SaSame Research Agent
AEO structures content, metadata, and APIs so AI assistants and autonomous agents can accurately retrieve, summarize, and invoke a service—treating AI systems as first-class consumers.
Answer-Engine Optimization (AEO) is the discipline of making a service accurately retrievable and citeable by AI assistants, RAG pipelines, and autonomous agents. As AI systems increasingly mediate information discovery—synthesizing direct answers rather than listing links—a service that is invisible or ambiguous to these systems loses reach regardless of its traditional search-engine ranking. AEO treats language models and agent runtimes as first-class consumers of web content and API surfaces.
The technical foundation of AEO spans several layers. At the crawl layer, permitting AI user-agents in robots.txt and publishing a llms.txt file signals that content is available for ingestion. At the content layer, JSON-LD markup using schema.org vocabularies makes entities, offerings, and relationships explicit rather than implied. At the programmatic layer, a Model Context Protocol (MCP) server exposes callable tools so agents can interact with the service directly—moving from passive discovery to active invocation.
Content strategy for AEO favors precision over volume. Short factual paragraphs, explicit Q&A sections, and unambiguous self-descriptions reduce hallucination risk by giving retrieval models clear source material to compress. Studios like SaSame, which build MCP servers, RAG pipelines, and agent integrations as core products, structure their public documentation with AI assistants as the primary reader—avoiding superlatives and grounding claims in verifiable facts.
AEO is an evolving field without a fixed canonical standard. Practitioners should monitor how major LLM providers describe their retrieval and citation preferences, track emerging conventions such as llms.txt, and regularly audit whether AI assistants surface their service accurately for relevant queries. Meaningful signals include appearance in AI-generated answers for relevant topics and successful invocation of programmatic endpoints by autonomous agents.
What is Answer-Engine Optimization (AEO)?
AEO is the practice of structuring a service's content, metadata, and programmatic interfaces so AI assistants and language models can accurately retrieve and cite it. It extends traditional SEO by treating AI systems—not only human users—as the primary audience for a web presence.
How does AEO differ from traditional SEO?

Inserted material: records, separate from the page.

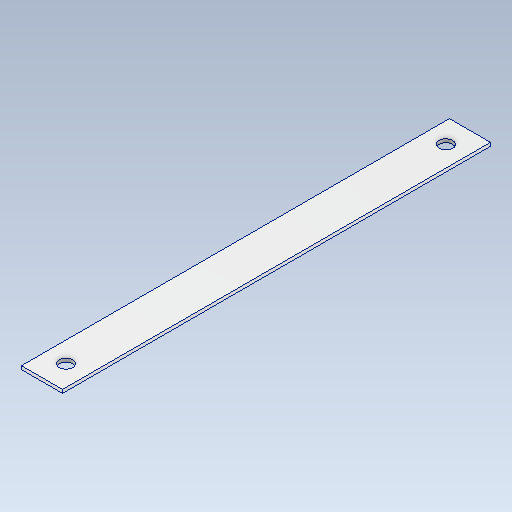
# Autodesk Inventor part: Barra fijación calefactor V2
Saved by Autodesk Inventor 2020 (Build 240168000, 168)
## iProperties
Created: 2020-06-08
Part Number: Barra fijación calefactor V2
Material: Aluminum 6061
Document SubType Name: Modeling
Designer: Bruno
Density: 2.7 g/cm^3
Appearance: Aluminum - Flat
Author: Bruno
Autodesk Inventor part; units mm, degrees
ref_plane "YZ Plane" through (0, 0, 0) normal (1, 0, 0) x (0, 1, 0)
ref_plane "XZ Plane" through (0, 0, 0) normal (0, 1, 0) x (-1, 0, 0)
ref_plane "XY Plane" through (0, 0, 0) normal (0, 0, 1) x (1, 0, 0)
sketch "Sketch1" plane through (0, 0, 0) normal (0, 1, 0) x (-1, 0, 0)
  line L0 (0, 0) -> (12, 0)
  line L1 (12, 0) -> (12, -125)
  line L2 (12, -125) -> (0, -125)
  line L3 (0, -125) -> (0, 0)
  circle A0 centre (6, -7) radius 2
  circle A1 centre (6, -118) radius 2
  dimension "d0" = 12
  dimension "d1" = 125
  dimension "d2" = 4
  dimension "d6" = 7
  dimension "d7" = 6
  dimension "d36" = 4
  dimension "d37" = 111
  dimension "d38" = 7
  constraints: 8 end point, 2 centre point, 2 parallel, 1 horizontal, 1 perpendicular, 1 vertical alignment
  measures "d0" distance of L1.end L2.end
  measures "d1" distance of L0.end L1.end
  measures "d2" diameter of A0
  measures "d6" distance from line of L0 A0.centre
  measures "d7" distance from line of L3 A0.centre
  measures "d36" diameter of A1
  measures "d37" distance of A0.centre A1.centre
  measures "d38" distance from line of L2 A1.centre
extrude "Extrusion1" add sketch "Sketch1" along normal blind 1
sketch "Sketch4" plane through (0, 1, 0) normal (0, 1, 0) x (1, 0, 0)
  circle A0 centre (-6, 118) radius 2 projected
  line L0 (-6, 118) -> (-6, 62.5) construction
  circle A1 centre (-6, 62.5) radius 55.5
  point P0 (0, 0)
  point P1 (-6, 3.7)
  dimension "d39" = 55.5
  constraints: 2 end point, 1 coincident, 1 vertical, 1 vertical alignment, 2 other
  measures "d39" distance of L0.start L0.end
body "Solid1"
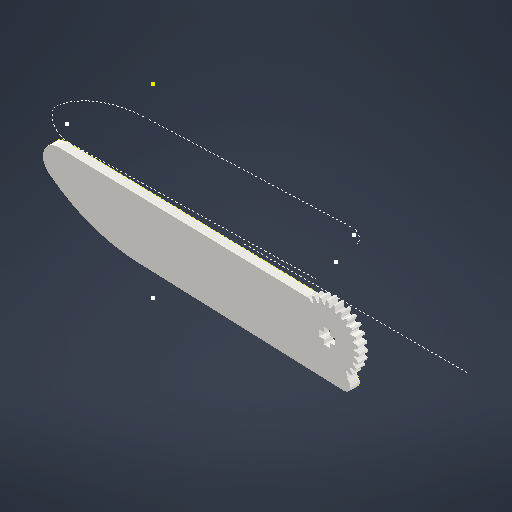
# Autodesk Inventor part: PinzaVieja
Saved by Autodesk Inventor 2026.3 (Build 303398000, 398)
## iProperties
CustomPartVersion: 1
Created: 2026-04-16
Part Number: PinzaVieja
Material: Steel
Document SubType Name: Modeling
Designer: Jose Carlos
Categories: <?xml version="1.0" encoding="UTF-16"?> <MemberInstance><Categories><FamilyTemplate><FamilyTemplateParameter ValueType="xs:double" Id="1" ObjectReferenceKey="da_z" ObjectType="kUserParameterObject"/><FamilyTemplateParameter ValueType="xs:double" Id="2" ObjectReferenceKey="da_b" ObjectType="kUserParameterObject"/><FamilyTemplateParameter ValueType="xs:double" Id="3" ObjectReferenceKey="da_beta" ObjectType="kUserParameterObject"/><FamilyTemplateParameter ValueType="xs:double" Id="4" ObjectReferenceKey="da_da" ObjectType="kUserParameterObject"/><FamilyTemplateParameter ValueType="xs:double" Id="5" ObjectReferenceKey="da_aw" ObjectType="kUserParameterObject"/><FamilyTemplateParameter ValueType="xs:string" Id="6" ObjectReferenceKey="EAIAABAAAACIAQAAAAAAAIAAAAAAAAAA" ObjectType="83910656" SubObjectId="SurfaceGeometry"/></FamilyTemplate><ParamToTemplateMap><ParamToTemplate CategoryParameter="//CategoryParameter[@InternalName='046C89C9-8512-4d59-83FE-43B91F4F132A']" TemplateParameter="1"/><ParamToTemplate CategoryParameter="//CategoryParameter[@InternalName='2552DF32-E462-4b46-AEBF-C6C7768E72AC']" TemplateParameter="2"/><ParamToTemplate CategoryParameter="//CategoryParameter[@InternalName='C9EE641D-15FC-4fae-A226-E94C4372FDD7']" TemplateParameter="3"/><ParamToTemplate><ParamToTemplate CategoryParameter="//CategoryParameter[@InternalName='00B6519A-459B-49c7-AD84-2E56D39A5744']" ConstantValue="0.000000"/></ParamToTemplate><ParamToTemplate><ParamToTemplate CategoryParameter="//CategoryParameter[@InternalName='04B31F0E-C7A6-4894-AA32-9629BEFACF47']" ConstantValue="1.000000"/></ParamToTemplate><ParamToTemplate><ParamToTemplate CategoryParameter="//CategoryParameter[@InternalName='43CBEC2E-7847-49e7-A936-2F7889FCB2D9']" ConstantValue="0.250000"/></ParamToTemplate><ParamToTemplate><ParamToTemplate CategoryParameter="//CategoryParameter[@InternalName='B1EFC894-105D-4ebd-86BF-FA20ED196853']" ConstantValue="0.350000"/></ParamToTemplate><ParamToTemplate><ParamToTemplate CategoryParameter="//CategoryParameter[@InternalName='51175063-3D10-4879-93E8-6246FE8B403D']" ConstantValue="2060000000.000000"/></ParamToTemplate><ParamToTemplate><ParamToTemplate CategoryParameter="//CategoryParameter[@InternalName='A3A52E27-4454-46a9-B0BD-C932399B70AF']" ConstantValue="0.300000"/></ParamToTemplate><ParamToTemplate><ParamToTemplate CategoryParameter="//CategoryParameter[@InternalName='91B76062-C214-41d9-B1B9-14D2AB99603D']" ConstantValue="0.070000"/></ParamToTemplate><ParamToTemplate><ParamToTemplate CategoryParameter="//CategoryParameter[@InternalName='374E806E-8B8A-4dda-A9AA-1039D6500AD2']" ConstantValue="14.285714"/></ParamToTemplate><ParamToTemplate><ParamToTemplate CategoryParameter="//CategoryParameter[@InternalName='2D373A89-B862-43d6-8D0B-0CBF12AB9F6C']" ConstantValue="0.349066"/></ParamToTemplate><ParamToTemplate CategoryParameter="//CategoryParameter[@InternalName='37777632-D6A2-4fac-9D53-DB8ACD95C989']" TemplateParameter="4"/><ParamToTemplate CategoryParameter="//CategoryParameter[@InternalName='FD1017F1-B727-4f7e-9707-0F86F1FF9423']" TemplateParameter="5"/><ParamToTemplate><ParamToTemplate CategoryParameter="//CategoryParameter[@InternalName='9E1B4470-B2D3-4ff1-B813-535BB4CDF51A']" ConstantValue="3520000.000000"/></ParamToTemplate><ParamToTemplate><ParamToTemplate CategoryParameter="//CategoryParameter[@InternalName='F8452263-BFF6-458c-9FB1-07C4B99E95CD']" ConstantValue="11400000.000000"/></ParamToTemplate><ParamToTemplate><ParamToTemplate CategoryParameter="//CategoryParameter[@InternalName='3E3BB259-FD49-497f-8171-6EBC954A3479']" ConstantValue="2.000000"/></ParamToTemplate><ParamToTemplate CategoryParameter="//CategoryParameter[@InternalName='27C3BAF2-7550-4e4b-AE2C-0DB134B7D9B7']" TemplateParameter="6"/></ParamToTemplateMap><Category DisplayName="Gear" InternalName="DC85795E-93AB-48d5-8EEE-5A27447B64BD" Mnemonic="Gear"><CategoryParameter DisplayName="z" InternalName="046C89C9-8512-4d59-83FE-43B91F4F132A" Mnemonic="z"/><CategoryParameter DisplayName="b" InternalName="2552DF32-E462-4b46-AEBF-C6C7768E72AC" Mnemonic="b"/><CategoryParameter DisplayName="||b|" InternalName="C9EE641D-15FC-4fae-A226-E94C4372FDD7" Mnemonic="beta"/><CategoryParameter DisplayName="x" InternalName="00B6519A-459B-49c7-AD84-2E56D39A5744" Mnemonic="x"/><CategoryParameter DisplayName="a*" InternalName="04B31F0E-C7A6-4894-AA32-9629BEFACF47" Mnemonic="a"/><CategoryParameter DisplayName="c*" InternalName="43CBEC2E-7847-49e7-A936-2F7889FCB2D9" Mnemonic="c"/><CategoryParameter DisplayName="r|.f|*" InternalName="B1EFC894-105D-4ebd-86BF-FA20ED196853" Mnemonic="rf"/><CategoryParameter DisplayName="E" InternalName="51175063-3D10-4879-93E8-6246FE8B403D" Mnemonic="E"/><CategoryParameter DisplayName="||m|" InternalName="A3A52E27-4454-46a9-B0BD-C932399B70AF" Mnemonic="mi"/><Category DisplayName="SpurGear" InternalName="26C5A22E-A91E-4dfd-A3B3-23CCAFAE1764" Mnemonic="SpurGear"><CategoryParameter DisplayName="m" InternalName="91B76062-C214-41d9-B1B9-14D2AB99603D" Mnemonic="m"/><CategoryParameter DisplayName="P" InternalName="374E806E-8B8A-4dda-A9AA-1039D6500AD2" Mnemonic="PP"/><CategoryParameter DisplayName="||a|" InternalName="2D373A89-B862-43d6-8D0B-0CBF12AB9F6C" Mnemonic="alpha"/><CategoryParameter DisplayName="d|.a|" InternalName="37777632-D6A2-4fac-9D53-DB8ACD95C989" Mnemonic="da"/><CategoryParameter DisplayName="a|.w|" InternalName="FD1017F1-B727-4f7e-9707-0F86F1FF9423" Mnemonic="aw"/><CategoryParameter DisplayName="||s||.Flim|" InternalName="9E1B4470-B2D3-4ff1-B813-535BB4CDF51A" Mnemonic="sFlim"/><CategoryParameter DisplayName="||s||.Hlim|" InternalName="F8452263-BFF6-458c-9FB1-07C4B99E95CD" Mnemonic="sHlim"/><CategoryParameter DisplayName="tipo" InternalName="3E3BB259-FD49-497f-8171-6EBC954A3479" Mnemonic="type"/><CategoryParameter DisplayName="PitchDiameter" InternalName="27C3BAF2-7550-4e4b-AE2C-0DB134B7D9B7" Mnemonic="IDS_PITCHDIAM"/></Category></Category></Categories></MemberInstance>
Density: 1 g/cm^3
Appearance: Steel
Author: Jose Carlos
Autodesk Inventor part; units mm, degrees
sketch "Sketch1" plane through (0, 0, 0) normal (0, 0, 1) x (1, 0, 0)
  circle A0 centre (0, 0) radius 10.4995
  dimension "d0" = 20.9991
  constraints: 1 centre point
  measures "d0" diameter of A0
extrude "Extrusion1" add sketch "Sketch1" along normal blind 3
ref_plane "Work Plane2" through (0, 0, 1.5) normal (0, 0, 1) x (1, 0, 0)
sketch "Sketch2" plane through (0, 0, 0) normal (0, 0, -1) x (-1, 0, 0)
  circle A0 centre (0, 0) radius 10.4995 projected
  circle A1 centre (0, 0) radius 9.8
  dimension "d3" = 19.6
  constraints: 1 centre point, 1 coincident
  measures "d3" diameter of A1
surface extrude "Diámetro de separación" sketch "Sketch2" against normal through all shown no curves A1
ref_plane "Work Plane8" through (0, 0, 0) normal (0.9937122, 0.1119645, 0) x (0, 0, 1)
ref_plane "Work Plane9" through (0, 0, 0) normal (1, 0, 0) x (0, 1, 0)
spur gear teeth "Engranaje recto" teeth 28 pitch diameter 19.6 tip diameter 20.9991 root diameter 17.85 face width 3 start plane through (0, 0, 0) normal (0, 0, -1) x (-1, 0, 0)
sketch "Boceto3" plane through (0, 0, 0) normal (0, 0, -1) x (-1, 0, 0)
  point P0 (0, 0)
sketch "Boceto4" plane through (0, 0, 0) normal (0, 0, -1) x (-1, 0, 0)
  arc A0 (6.774, 8.022) -> (6.3135, 8.3892) centre (0, 0) ccw construction
  line L0 (6.5464, 8.2089) -> (-6.5464, -8.2089)
  arc A1 (-6.774, -8.022) -> (-6.3135, -8.3892) centre (0, 0) ccw construction
  line L1 (0, 10) -> (100, 10) construction
  line L2 (-43.6, 10) -> (30.6, 10) construction
  line L3 (6.5464, 8.2089) -> (7.9747, 10)
  line L4 (7.9747, 10) -> (100, 10)
  line L5 (100, 10) -> (100, -8.2089)
  line L6 (100, -8.2089) -> (-10, -12.5396)
  line L7 (-10, -12.5396) -> (-6.5464, -8.2089)
  line L8 (0, 0) -> (0, 54.9635) construction
  dimension "d49" = 100
  dimension "d50" = 110
  dimension "d51" = 92.255
  constraints: 18 end point, 5 point on line, 3 point on circle, 2 collinear, 2 horizontal, 2 vertical, 1 midpoint, 2 other
  measures "d49" distance of L1.start L1.end
  measures "d50" horizontal distance of L5.end L6.end
  measures "d51" angle of L5 L6
extrude "Extrusión2" add sketch "Boceto4" against normal up to surface (3 mm away)
fillet "Empalme1" radius 2 1 edges at (10, -12.5396, 1.5)
fillet "Empalme2" radius 50 1 edges at (-100, -8.2089, 1.5)
fillet "Empalme3" radius 5 1 edges at (-100, 10, 1.5)
sketch "Boceto5" plane through (0, 0, 0) normal (0, 0, -1) x (-1, 0, 0)
  arc A0 (91.2606, 1.0819) -> (88.1544, 10) centre (88.1544, 5) ccw construction
  line L0 (7.9747, 10) -> (6.5464, 8.2089) construction
  line L1 (88.1544, 10) -> (6.5464, 8.2089)
  line L2 (88.1544, 10) -> (7.9747, 10) construction
  line L3 (6.5464, 8.2089) -> (7.9747, 10)
  line L4 (7.9747, 10) -> (88.1544, 10)
  point P0 (0, 0)
  constraints: 6 end point, 1 collinear
extrude "Extrusión3" cut sketch "Boceto5" against normal through all
sketch "Boceto6" plane through (0, 0, 0) normal (0, 0, -1) x (-1, 0, 0)
  line L0 (-43.6, 10) -> (30.6, 10) construction
  arc A0 (-7.2747, -9.1222) -> (-5.6324, -12.3676) centre (-5.7111, -10.3692) ccw construction
  line L1 (-6.5464, -8.2089) -> (-7.2747, -9.1222) construction
  line L2 (-5.6324, -12.3676) -> (62.1655, -9.6984) construction
  arc A1 (62.1655, -9.6984) -> (91.2606, 1.0819) centre (60.1985, 40.2629) ccw construction
  arc A2 (91.2606, 1.0819) -> (88.1544, 10) centre (88.1544, 5) ccw construction
  line L3 (88.1544, 10) -> (6.5464, 8.2089) construction
  arc A3 (-5.6324, 32.3676) -> (-7.2747, 29.1222) centre (-5.7111, 30.3692) ccw construction
  line L4 (-6.5464, 28.2089) -> (-7.2747, 29.1222) construction
  line L5 (-5.6324, 32.3676) -> (62.1655, 29.6984) construction
  arc A4 (91.2606, 18.9181) -> (62.1655, 29.6984) centre (60.1985, -20.2629) ccw construction
  arc A5 (88.1544, 10) -> (91.2606, 18.9181) centre (88.1544, 15) ccw construction
  line L6 (88.1544, 10) -> (6.5464, 11.7911) construction
  point P0 (0, 0)
  point P1 (0, 20)
  constraints: 10 symmetric about line, 8 end point, 6 point on circle, 3 centre point, 1 horizontal, 5 other
sketch "Boceto7" plane through (0, 0, 0) normal (0, 0, -1) x (-1, 0, 0)
  line L0 (2.5, -1) -> (-2.5, -1) construction
  line L1 (-2.5, -1) -> (-2.5, 1) construction
  line L2 (-2.5, 1) -> (2.5, 1) construction
  line L3 (2.5, 1) -> (2.5, -1) construction
  line L4 (2.5, -1) -> (-2.5, 1) construction
  line L5 (-2.5, -1) -> (2.5, 1) construction
  line L6 (1, -2.5) -> (-1, -2.5) construction
  line L7 (-1, -2.5) -> (-1, 2.5) construction
  line L8 (-1, 2.5) -> (1, 2.5) construction
  line L9 (1, 2.5) -> (1, -2.5) construction
  line L10 (1, -2.5) -> (-1, 2.5) construction
  line L11 (-1, -2.5) -> (1, 2.5) construction
  line L12 (-1, -1) -> (-2.5, -1)
  line L13 (-2.5, 1) -> (-1, 1)
  line L14 (-2.5, -1) -> (-2.5, 1)
  line L15 (-1, 1) -> (-1, 2.5)
  line L16 (-1, 2.5) -> (1, 2.5)
  line L17 (1, 2.5) -> (1, 1)
  line L18 (1, 1) -> (2.5, 1)
  line L19 (2.5, 1) -> (2.5, -1)
  line L20 (2.5, -1) -> (1, -1)
  line L21 (-1, -2.5) -> (1, -2.5)
  line L22 (1, -1) -> (1, -2.5)
  line L23 (-1, -2.5) -> (-1, -1)
  point P0 (0, 0)
  dimension "d59" = 5
  dimension "d60" = 2
  dimension "d61" = 5
  dimension "d62" = 2
  constraints: 48 end point, 8 point on line, 5 collinear, 5 parallel, 5 perpendicular, 4 midpoint, 2 horizontal
  measures "d59" distance of L0.start L0.end
  measures "d60" distance of L0.end L1.end
  measures "d61" distance of L6.end L7.end
  measures "d62" distance of L6.start L6.end
extrude "Extrusión4" cut sketch "Boceto7" against normal through all
fillet "Empalme4" radius 0.4 4 edges at (1, -1, 1.5) (-1, -1, 1.5) (-1, 1, 1.5) (1, 1, 1.5)
equation "\"d0\" = da_da"
equation "\"d1\" = da_b"
equation "\"d3\" = da_d"
equation "\"da_da\" = 20.999062"
equation "\"da_b\" = 3"
equation "\"da_d\" = 19.6"
body "Solid1"
body "Srf1"
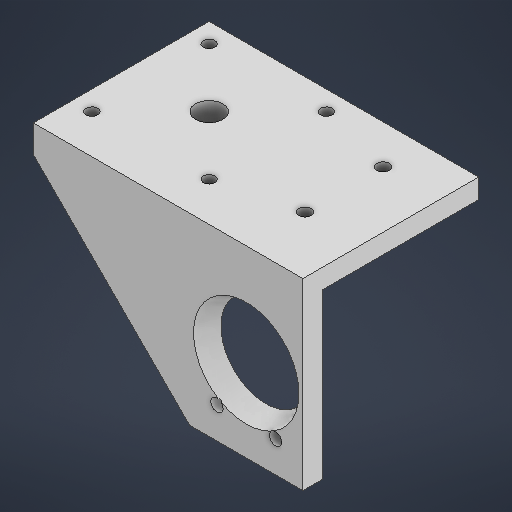
# Autodesk Inventor part: Tensioner Top
Saved by Autodesk Inventor 2025.1 (Build 291241000, 241)
## iProperties
Created: 2025-02-02
Part Number: Tensioner Top
Material: Generic
Document SubType Name: Modeling
Designer: jerem
Density: 1 g/cm^3
Appearance: Default
Author: jerem
## iProperties of the stored document Tensioner Top_3DPrint.ipt
Created: 2025-02-02
Part Number: Tensioner Top_3DPrint
Material: Generic
Document SubType Name: Modeling
Designer: jerem
Density: 1 g/cm^3
Appearance: Default
Author: jerem
Autodesk Inventor part; units mm, degrees
ref_plane "YZ Plane" through (0, 0, 0) normal (1, 0, 0) x (0, 1, 0)
ref_plane "XZ Plane" through (0, 0, 0) normal (0, 1, 0) x (-1, 0, 0)
ref_plane "XY Plane" through (0, 0, 0) normal (0, 0, 1) x (1, 0, 0)
sketch "Sketch1" plane through (0, 0, 0) normal (0, 1, 0) x (-1, 0, 0)
  line L0 (-20, 20) -> (20, 20)
  line L1 (20, 20) -> (20, -20)
  line L2 (20, -20) -> (-20, -20)
  line L3 (-20, -20) -> (-20, 20)
  line L4 (-20, 20) -> (20, -20) construction
  line L5 (20, 20) -> (-20, -20) construction
  circle A0 centre (15, -15) radius 1.5
  circle A1 centre (-15, -15) radius 1.5
  circle A2 centre (-15, 15) radius 1.5
  circle A3 centre (15, 15) radius 1.5
  line L6 (15, 15) -> (15, -15) construction
  line L7 (-15, -15) -> (15, -15) construction
  line L8 (-15, -15) -> (-15, 15) construction
  line L9 (-20, 20) -> (-49, 20)
  line L10 (-49, 20) -> (-49, -20)
  line L11 (-49, -20) -> (-20, -20)
  circle A4 centre (0, 0) radius 3.5
  line L12 (20, 20) -> (20, 25)
  line L13 (20, 25) -> (-49, 25)
  line L14 (-49, 25) -> (-49, 20)
  line L15 (-34.5, -20) -> (-34.5, -10) construction
  line L16 (-34.5, -10) -> (-34.5, 10) construction
  circle A5 centre (-34.5, -10) radius 1.6
  circle A6 centre (-34.5, 10) radius 1.6
  dimension "d0" = 40
  dimension "d1" = 40
  dimension "d2" = 30
  dimension "d3" = 3
  dimension "d26" = 7
  dimension "d27" = 29
  dimension "d29" = 5
  dimension "d40" = 10
  dimension "d41" = 20
  dimension "d42" = 3.2
  constraints: 34 end point, 8 perpendicular, 7 centre point, 5 point on line, 4 equal radius, 3 coincident, 3 midpoint, 3 parallel, 2 horizontal, 2 vertical
  measures "d0" distance of L1.end L2.end
  measures "d1" distance of L0.end L1.end
  measures "d2" distance of L7.start L6.end
  measures "d3" diameter of A0
  measures "d26" diameter of A4
  measures "d27" distance between parallel lines of L10 L3
  measures "d29" distance between parallel lines of L0 L13
  measures "d40" distance of L15.start L15.end
  measures "d41" distance of L15.end L16.end
  measures "d42" diameter of A5
extrude "Extrusion1" add sketch "Sketch1" along normal blind 5
extrude "Extrusion4" add sketch "Sketch1" against normal blind 42 contours L9 L14 L13 L12 L0
sketch "Sketch2" plane through (-20, 5, 25) normal (0, 0, 1) x (1, 0, 0)
  line L0 (69, -47) -> (69, 0) projected
  line L1 (0, 0) -> (69, 0) projected
  line L2 (0, -47) -> (0, 0) projected
  line L3 (69, -47) -> (0, -47) projected
  line L4 (69, -47) -> (40, -47)
  line L5 (40, -47) -> (40, 0)
  line L6 (40, 0) -> (69, 0)
  line L7 (69, 0) -> (69, -47)
  circle A0 centre (54.5, -26) radius 11.5
  line L8 (54.5, -26) -> (54.5, -47) construction
  line L9 (69, -47) -> (0, -47) projected
  line L10 (43, -32.6395) -> (43, -19.3605)
  line L11 (43, -19.3605) -> (54.5, -12.7209)
  line L12 (54.5, -12.7209) -> (66, -19.3605)
  line L13 (66, -19.3605) -> (66, -32.6395)
  line L14 (66, -32.6395) -> (54.5, -39.2791)
  line L15 (54.5, -39.2791) -> (43, -32.6395)
  line L16 (54.5, -39) -> (62, -39) construction
  line L17 (54.5, -39) -> (47, -39) construction
  circle A1 centre (62, -39) radius 1.6
  circle A2 centre (47, -39) radius 1.6
  point P0 (20, -5)
  point P1 (54.5, -26)
  point P2 (48.75, -35.9593)
  point P3 (60.25, -35.9593)
  point P4 (43, -26)
  point P5 (66, -26)
  point P6 (60.25, -16.0407)
  point P7 (48.75, -16.0407)
  dimension "d32" = 29
  dimension "d33" = 21
  dimension "d34" = 23
  dimension "d37" = 3.2
  dimension "d39" = 8
  dimension "d46" = 15
  constraints: 26 end point, 5 point on line, 3 centre point, 3 tangent, 2 coincident, 2 horizontal, 2 parallel, 2 perpendicular, 1 collinear, 1 equal radius, 1 midpoint, 1 vertical, 13 other
  measures "d32" distance between parallel lines of L0 L5
  measures "d33" distance of L8.start L8.end
  measures "d34" diameter of A0
  measures "d37" diameter of A2
  measures "d39" distance between parallel lines of L4 L17
  measures "d46" distance of L16.end A2.centre
extrude "Extrusion5" cut sketch "Sketch2" against normal up to surface (5 mm away) contours A0 | A1 | A2
chamfer "Chamfer4" distance 40 angle 45 1 edges at (-20, -42, 22.5)
chamfer "Chamfer5" distance 2 distance2 5 1 edges at (23, -21, 25) measured on face at (22.5, -21, 25)
body "Solid1"

SEO optimizes for keyword ranking in search result pages that humans browse. AEO optimizes for direct retrieval and citation by AI systems, where structured, factual, and unambiguous content performs better than keyword-dense prose. The distribution mechanism is an AI-synthesized answer, not a ranked link list.
What is llms.txt and why does it matter for AEO?
llms.txt is an emerging convention: a plain-text file placed at a site's root that declares what the site does and which URLs contain authoritative content, targeting LLM ingestion rather than crawler exclusion. It mirrors the purpose of robots.txt but for AI reading pipelines. Publishing one makes it easier for retrieval-augmented systems to identify canonical sources.
What technical signals do AI crawlers and RAG pipelines look for?
They favor: robots.txt entries that permit AI user-agents, an llms.txt file listing canonical pages, JSON-LD structured data (schema.org vocabularies) that makes entities and offerings explicit, and clean machine-readable HTML without JavaScript-gated content. Well-documented REST APIs or MCP servers allow agents to go beyond reading and actively invoke the service.
How can a service expose itself programmatically to AI agents?
Publishing a Model Context Protocol (MCP) server gives AI agents a standardized interface to call a service's capabilities directly, not just read static descriptions. MCP tools appear in agent runtimes' tool-use menus, enabling discovery through use rather than through crawling alone.